TASK INSTRUCTIONS
In the records below, the lines between the one holding "line L8 (-10, 0) -> (10, 0)" and the one holding "line L0 (6.75, 0)", inclusive, are to be transcribed exactly; no pictures are to be included.

TASK MATERIAL

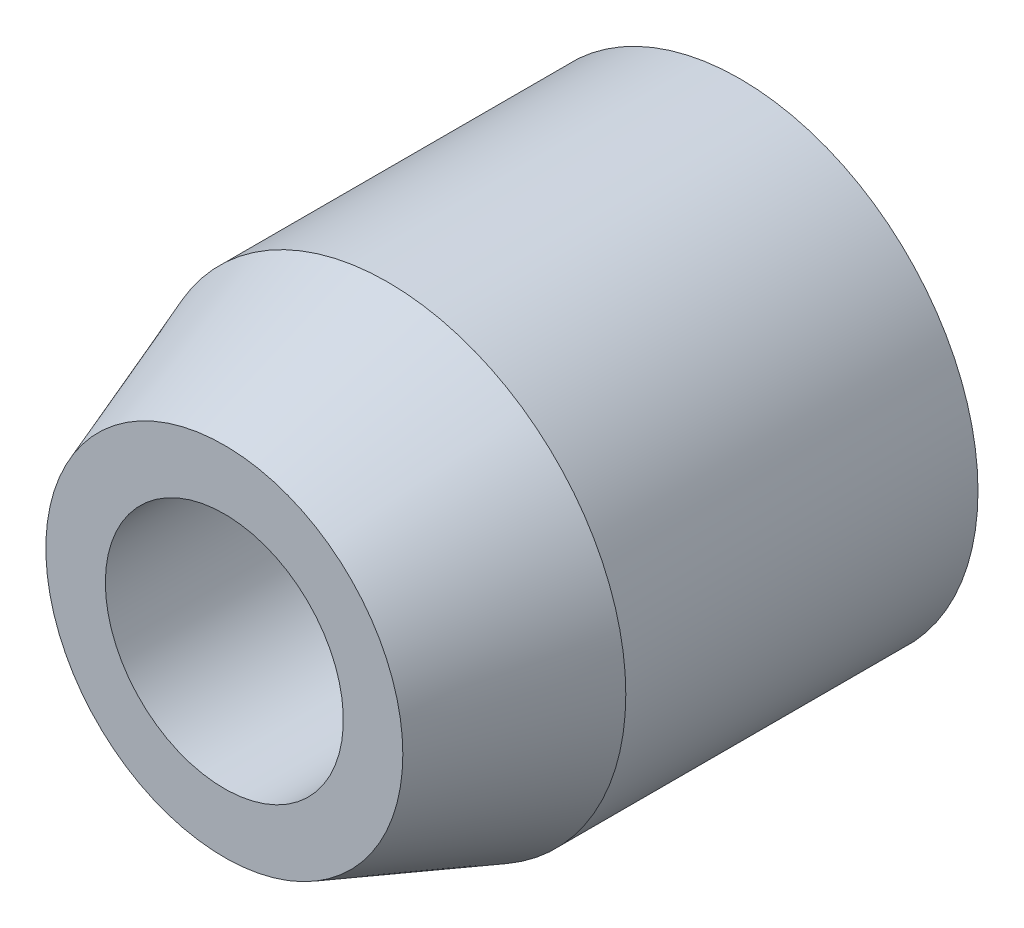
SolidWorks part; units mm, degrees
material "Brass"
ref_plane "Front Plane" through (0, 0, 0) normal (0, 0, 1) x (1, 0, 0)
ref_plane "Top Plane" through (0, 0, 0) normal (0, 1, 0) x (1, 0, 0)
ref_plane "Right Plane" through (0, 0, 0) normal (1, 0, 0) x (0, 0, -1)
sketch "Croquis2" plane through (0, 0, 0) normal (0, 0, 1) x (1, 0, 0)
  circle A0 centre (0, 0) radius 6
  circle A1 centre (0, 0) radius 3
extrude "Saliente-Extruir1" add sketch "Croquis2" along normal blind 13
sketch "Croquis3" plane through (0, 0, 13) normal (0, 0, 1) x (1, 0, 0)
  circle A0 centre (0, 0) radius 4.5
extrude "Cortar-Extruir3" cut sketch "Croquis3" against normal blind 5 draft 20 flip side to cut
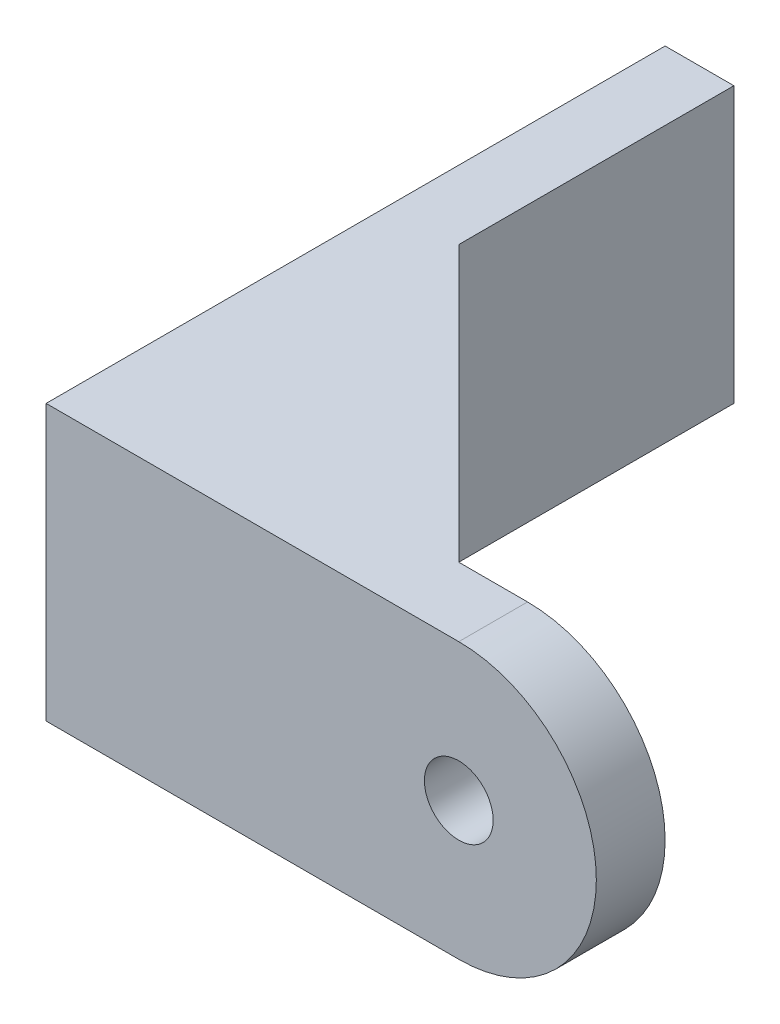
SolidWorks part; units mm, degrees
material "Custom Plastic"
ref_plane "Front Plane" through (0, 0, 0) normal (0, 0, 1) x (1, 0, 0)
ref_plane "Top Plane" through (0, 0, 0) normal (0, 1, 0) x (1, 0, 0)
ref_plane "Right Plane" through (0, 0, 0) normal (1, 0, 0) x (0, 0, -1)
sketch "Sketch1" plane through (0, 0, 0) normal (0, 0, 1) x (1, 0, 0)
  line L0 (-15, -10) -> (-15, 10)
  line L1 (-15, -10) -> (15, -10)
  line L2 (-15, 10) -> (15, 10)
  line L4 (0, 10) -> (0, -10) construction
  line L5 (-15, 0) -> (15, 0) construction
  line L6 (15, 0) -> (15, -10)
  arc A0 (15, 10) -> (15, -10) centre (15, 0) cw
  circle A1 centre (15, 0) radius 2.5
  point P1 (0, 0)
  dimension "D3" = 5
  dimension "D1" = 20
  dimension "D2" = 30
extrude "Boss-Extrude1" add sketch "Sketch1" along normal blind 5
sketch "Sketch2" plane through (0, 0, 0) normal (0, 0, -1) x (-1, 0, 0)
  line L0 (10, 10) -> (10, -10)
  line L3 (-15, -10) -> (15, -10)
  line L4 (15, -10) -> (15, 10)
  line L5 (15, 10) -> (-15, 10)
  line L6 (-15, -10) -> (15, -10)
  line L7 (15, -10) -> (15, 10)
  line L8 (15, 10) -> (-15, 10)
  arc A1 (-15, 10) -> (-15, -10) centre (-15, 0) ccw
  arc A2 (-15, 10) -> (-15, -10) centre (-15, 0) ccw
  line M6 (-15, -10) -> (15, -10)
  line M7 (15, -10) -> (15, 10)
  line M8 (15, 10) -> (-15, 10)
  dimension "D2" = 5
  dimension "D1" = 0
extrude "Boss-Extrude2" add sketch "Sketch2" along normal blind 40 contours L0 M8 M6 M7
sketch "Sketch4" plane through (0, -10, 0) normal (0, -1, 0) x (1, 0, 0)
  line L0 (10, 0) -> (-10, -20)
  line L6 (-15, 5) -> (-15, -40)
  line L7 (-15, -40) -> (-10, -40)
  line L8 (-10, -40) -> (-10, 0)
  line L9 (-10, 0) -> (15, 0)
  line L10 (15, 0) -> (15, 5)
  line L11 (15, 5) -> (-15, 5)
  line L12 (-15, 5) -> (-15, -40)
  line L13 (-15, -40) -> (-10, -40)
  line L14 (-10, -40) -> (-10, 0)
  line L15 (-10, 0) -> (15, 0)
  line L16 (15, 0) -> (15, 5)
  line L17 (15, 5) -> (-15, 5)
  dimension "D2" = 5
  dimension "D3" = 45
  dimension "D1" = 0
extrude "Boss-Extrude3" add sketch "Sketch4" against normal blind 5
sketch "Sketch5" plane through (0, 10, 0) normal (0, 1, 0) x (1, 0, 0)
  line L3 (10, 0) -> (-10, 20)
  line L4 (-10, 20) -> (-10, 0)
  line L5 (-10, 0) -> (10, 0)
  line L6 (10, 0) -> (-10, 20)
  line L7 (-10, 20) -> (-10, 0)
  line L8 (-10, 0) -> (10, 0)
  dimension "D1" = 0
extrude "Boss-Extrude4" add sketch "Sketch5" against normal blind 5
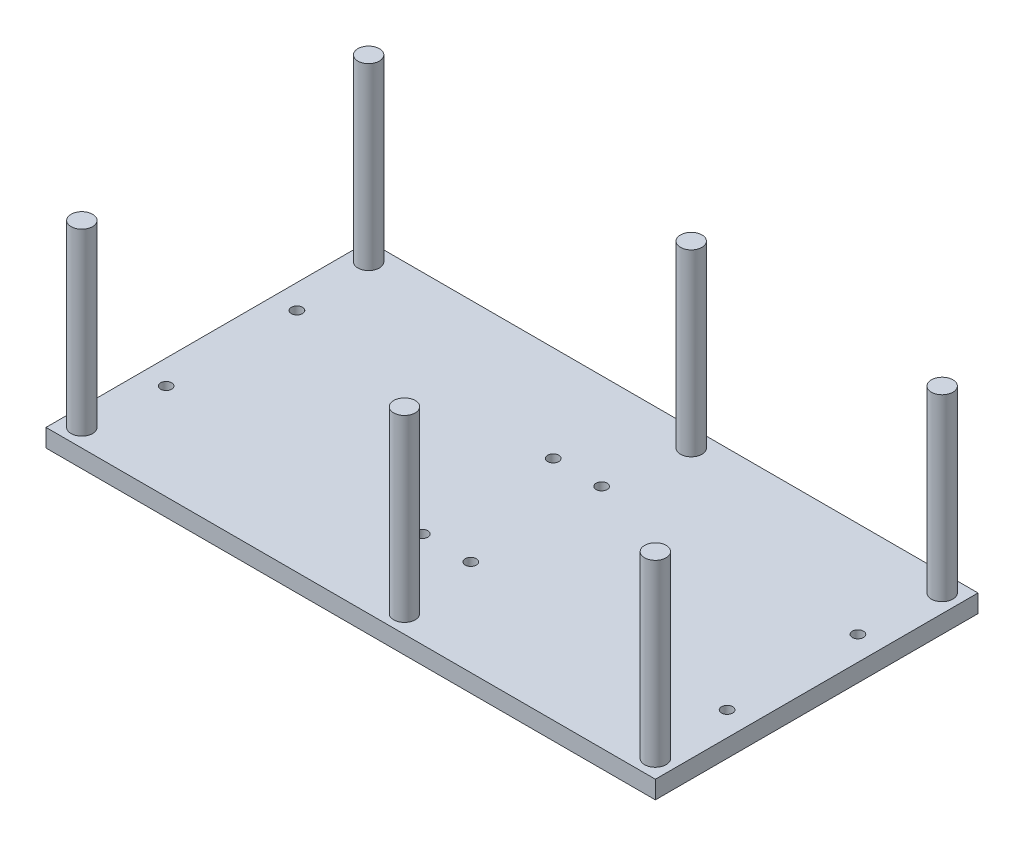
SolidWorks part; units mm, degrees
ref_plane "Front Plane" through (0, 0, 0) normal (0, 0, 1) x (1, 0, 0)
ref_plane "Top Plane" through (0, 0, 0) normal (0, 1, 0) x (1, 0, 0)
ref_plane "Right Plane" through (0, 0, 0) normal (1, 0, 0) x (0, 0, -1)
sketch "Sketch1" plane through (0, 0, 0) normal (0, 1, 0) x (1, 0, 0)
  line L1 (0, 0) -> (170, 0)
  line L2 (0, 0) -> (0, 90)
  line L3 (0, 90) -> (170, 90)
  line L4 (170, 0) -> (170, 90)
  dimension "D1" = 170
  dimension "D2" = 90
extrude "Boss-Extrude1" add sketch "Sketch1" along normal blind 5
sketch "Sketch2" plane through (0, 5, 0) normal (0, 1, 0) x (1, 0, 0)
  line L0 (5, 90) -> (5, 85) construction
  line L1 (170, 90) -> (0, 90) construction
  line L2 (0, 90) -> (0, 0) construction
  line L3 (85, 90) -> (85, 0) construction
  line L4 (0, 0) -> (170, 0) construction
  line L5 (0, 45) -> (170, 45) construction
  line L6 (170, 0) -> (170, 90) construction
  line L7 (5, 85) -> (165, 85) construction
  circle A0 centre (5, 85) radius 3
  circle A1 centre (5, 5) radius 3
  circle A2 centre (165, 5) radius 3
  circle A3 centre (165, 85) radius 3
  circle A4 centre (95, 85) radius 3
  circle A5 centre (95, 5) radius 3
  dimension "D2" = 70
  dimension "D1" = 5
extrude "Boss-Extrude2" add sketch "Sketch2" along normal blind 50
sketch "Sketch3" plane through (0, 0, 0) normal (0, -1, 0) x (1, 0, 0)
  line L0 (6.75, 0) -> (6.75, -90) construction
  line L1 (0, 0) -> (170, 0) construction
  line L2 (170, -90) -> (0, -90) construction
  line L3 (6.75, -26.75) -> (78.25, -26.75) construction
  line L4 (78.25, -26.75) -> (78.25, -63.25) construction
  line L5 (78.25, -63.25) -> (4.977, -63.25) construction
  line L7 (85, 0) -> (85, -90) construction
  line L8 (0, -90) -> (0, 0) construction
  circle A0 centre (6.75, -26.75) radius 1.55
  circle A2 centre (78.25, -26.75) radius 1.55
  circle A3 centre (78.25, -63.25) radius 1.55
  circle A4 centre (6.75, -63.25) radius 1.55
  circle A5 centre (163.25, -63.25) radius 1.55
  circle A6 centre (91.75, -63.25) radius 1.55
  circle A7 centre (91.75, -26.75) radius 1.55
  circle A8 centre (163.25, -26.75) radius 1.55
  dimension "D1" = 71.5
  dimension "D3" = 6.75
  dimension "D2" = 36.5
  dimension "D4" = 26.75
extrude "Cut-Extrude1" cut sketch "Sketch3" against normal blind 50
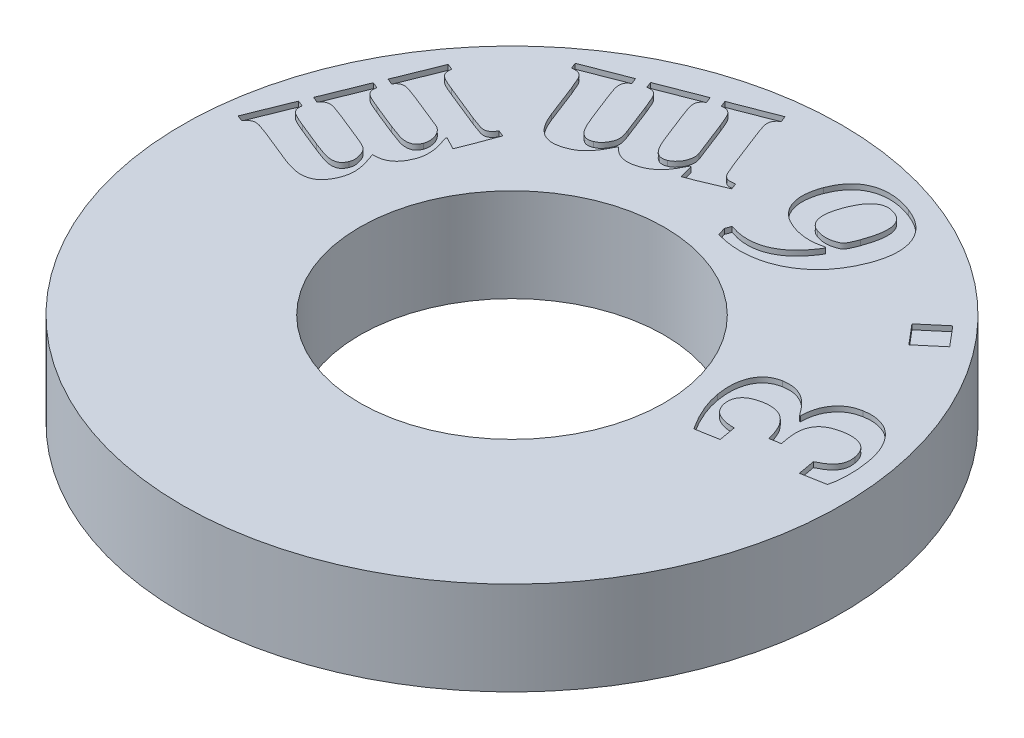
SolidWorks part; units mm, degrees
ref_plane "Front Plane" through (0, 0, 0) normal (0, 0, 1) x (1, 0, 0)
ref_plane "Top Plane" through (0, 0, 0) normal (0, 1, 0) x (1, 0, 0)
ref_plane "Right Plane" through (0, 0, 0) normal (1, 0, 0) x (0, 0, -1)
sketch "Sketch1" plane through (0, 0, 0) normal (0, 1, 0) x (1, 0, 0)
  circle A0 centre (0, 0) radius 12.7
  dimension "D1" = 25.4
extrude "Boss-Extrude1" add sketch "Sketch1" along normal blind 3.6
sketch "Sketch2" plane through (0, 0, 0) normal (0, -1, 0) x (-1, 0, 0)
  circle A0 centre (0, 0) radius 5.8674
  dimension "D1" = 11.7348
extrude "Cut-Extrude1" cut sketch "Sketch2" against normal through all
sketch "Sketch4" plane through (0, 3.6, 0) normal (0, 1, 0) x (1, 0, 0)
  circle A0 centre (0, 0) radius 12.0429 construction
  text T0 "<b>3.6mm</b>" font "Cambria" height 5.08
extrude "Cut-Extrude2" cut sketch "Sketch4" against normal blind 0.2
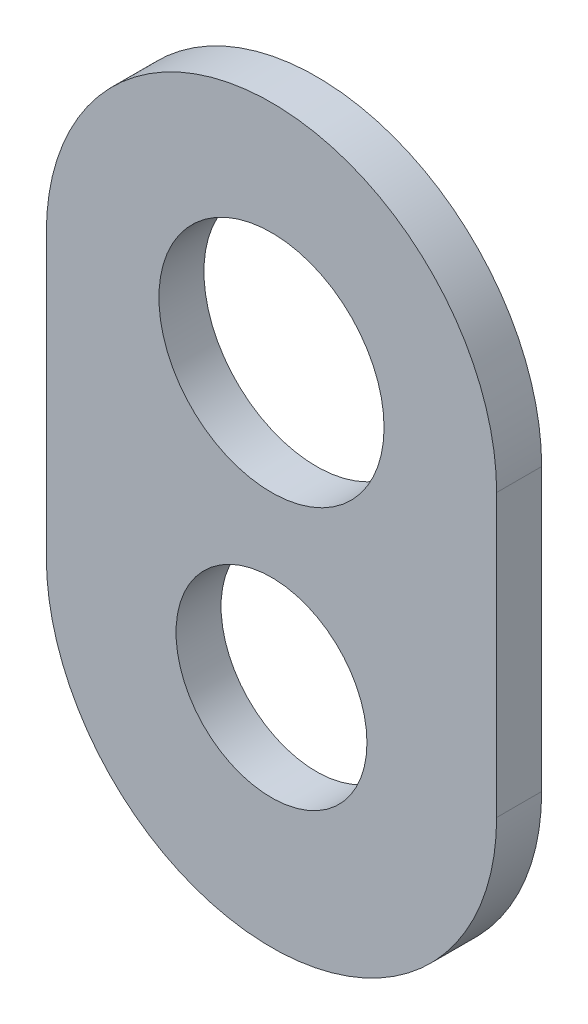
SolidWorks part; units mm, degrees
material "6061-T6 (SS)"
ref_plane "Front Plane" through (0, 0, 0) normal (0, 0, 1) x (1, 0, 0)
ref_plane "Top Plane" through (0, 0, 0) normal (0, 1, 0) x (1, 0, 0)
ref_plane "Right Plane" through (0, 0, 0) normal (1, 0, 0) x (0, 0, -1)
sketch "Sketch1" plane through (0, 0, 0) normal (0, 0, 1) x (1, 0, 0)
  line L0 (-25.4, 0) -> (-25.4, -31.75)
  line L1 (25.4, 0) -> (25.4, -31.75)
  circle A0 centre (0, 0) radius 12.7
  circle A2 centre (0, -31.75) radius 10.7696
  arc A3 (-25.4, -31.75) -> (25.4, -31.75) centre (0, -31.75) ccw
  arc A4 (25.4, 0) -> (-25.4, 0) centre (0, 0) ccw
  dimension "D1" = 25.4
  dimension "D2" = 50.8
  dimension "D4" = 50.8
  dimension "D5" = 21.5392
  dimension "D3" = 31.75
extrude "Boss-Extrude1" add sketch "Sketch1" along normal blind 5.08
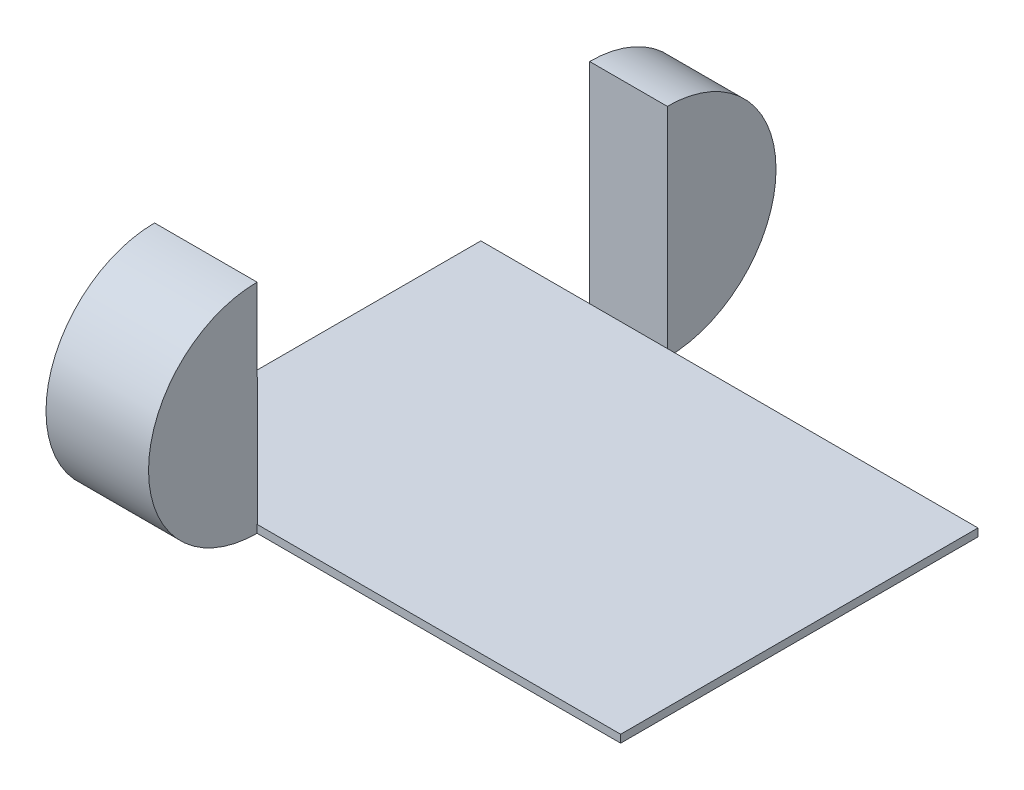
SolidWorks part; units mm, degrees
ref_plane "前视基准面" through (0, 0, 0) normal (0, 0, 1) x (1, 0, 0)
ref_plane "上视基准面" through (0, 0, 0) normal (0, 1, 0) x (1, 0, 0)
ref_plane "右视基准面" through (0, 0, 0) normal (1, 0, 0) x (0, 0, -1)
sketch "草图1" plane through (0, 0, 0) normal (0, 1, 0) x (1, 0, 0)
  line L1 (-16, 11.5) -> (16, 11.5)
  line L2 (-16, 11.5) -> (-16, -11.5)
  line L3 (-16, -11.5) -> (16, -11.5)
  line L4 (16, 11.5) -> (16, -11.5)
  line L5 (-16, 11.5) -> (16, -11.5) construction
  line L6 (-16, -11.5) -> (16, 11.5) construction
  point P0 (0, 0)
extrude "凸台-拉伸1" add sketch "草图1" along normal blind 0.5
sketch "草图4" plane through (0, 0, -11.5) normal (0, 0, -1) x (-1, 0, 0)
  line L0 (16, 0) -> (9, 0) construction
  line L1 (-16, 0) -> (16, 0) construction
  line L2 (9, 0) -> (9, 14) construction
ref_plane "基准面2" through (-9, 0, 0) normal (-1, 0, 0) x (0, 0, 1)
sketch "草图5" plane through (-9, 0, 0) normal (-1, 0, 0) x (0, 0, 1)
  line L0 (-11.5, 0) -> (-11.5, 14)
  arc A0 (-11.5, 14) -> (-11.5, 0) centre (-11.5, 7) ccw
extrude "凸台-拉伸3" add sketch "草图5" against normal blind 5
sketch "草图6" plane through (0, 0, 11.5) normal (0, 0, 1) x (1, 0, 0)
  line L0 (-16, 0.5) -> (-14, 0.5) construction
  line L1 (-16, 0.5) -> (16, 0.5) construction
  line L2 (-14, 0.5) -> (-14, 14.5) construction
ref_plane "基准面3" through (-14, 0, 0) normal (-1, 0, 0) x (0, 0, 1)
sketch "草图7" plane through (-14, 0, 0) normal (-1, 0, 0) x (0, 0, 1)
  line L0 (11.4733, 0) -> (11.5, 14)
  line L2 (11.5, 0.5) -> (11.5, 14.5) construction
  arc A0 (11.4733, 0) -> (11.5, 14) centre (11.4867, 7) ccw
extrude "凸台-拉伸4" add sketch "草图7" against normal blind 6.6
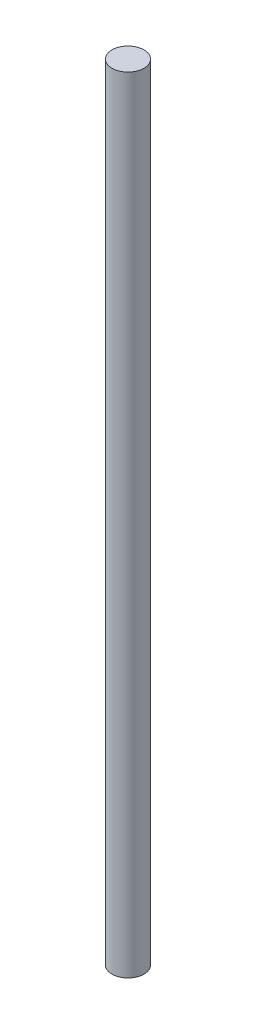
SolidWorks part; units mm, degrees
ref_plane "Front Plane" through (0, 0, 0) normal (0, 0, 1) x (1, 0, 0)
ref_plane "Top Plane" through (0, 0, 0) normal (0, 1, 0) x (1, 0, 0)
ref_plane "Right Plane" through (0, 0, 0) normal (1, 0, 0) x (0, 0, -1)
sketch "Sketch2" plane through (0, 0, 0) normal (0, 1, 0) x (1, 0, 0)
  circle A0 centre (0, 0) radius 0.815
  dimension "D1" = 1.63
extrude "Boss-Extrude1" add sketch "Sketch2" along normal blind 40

EXPECTED ANSWER
  line L8 (-10, 0) -> (10, 0)
  dimension "D1" = 0
extrude "Boss-Extrude4" add sketch "Sketch5" against normal blind 5
SolidWorks part; units mm, degrees
ref_plane "Front Plane" through (0, 0, 0) normal (0, 0, 1) x (1, 0, 0)
ref_plane "Top Plane" through (0, 0, 0) normal (0, 1, 0) x (1, 0, 0)
ref_plane "Right Plane" through (0, 0, 0) normal (1, 0, 0) x (0, 0, -1)
sketch "Sketch1" plane through (0, 0, 0) normal (0, 1, 0) x (1, 0, 0)
  line L1 (0, 0) -> (170, 0)
  line L2 (0, 0) -> (0, 90)
  line L3 (0, 90) -> (170, 90)
  line L4 (170, 0) -> (170, 90)
  dimension "D1" = 170
  dimension "D2" = 90
extrude "Boss-Extrude1" add sketch "Sketch1" along normal blind 5
sketch "Sketch2" plane through (0, 5, 0) normal (0, 1, 0) x (1, 0, 0)
  line L0 (5, 90) -> (5, 85) construction
  line L1 (170, 90) -> (0, 90) construction
  line L2 (0, 90) -> (0, 0) construction
  line L3 (85, 90) -> (85, 0) construction
  line L4 (0, 0) -> (170, 0) construction
  line L5 (0, 45) -> (170, 45) construction
  line L6 (170, 0) -> (170, 90) construction
  line L7 (5, 85) -> (165, 85) construction
  circle A0 centre (5, 85) radius 3
  circle A1 centre (5, 5) radius 3
  circle A2 centre (165, 5) radius 3
  circle A3 centre (165, 85) radius 3
  circle A4 centre (95, 85) radius 3
  circle A5 centre (95, 5) radius 3
  dimension "D2" = 70
  dimension "D1" = 5
extrude "Boss-Extrude2" add sketch "Sketch2" along normal blind 50
sketch "Sketch3" plane through (0, 0, 0) normal (0, -1, 0) x (1, 0, 0)
  line L0 (6.75, 0) -> (6.75, -90) construction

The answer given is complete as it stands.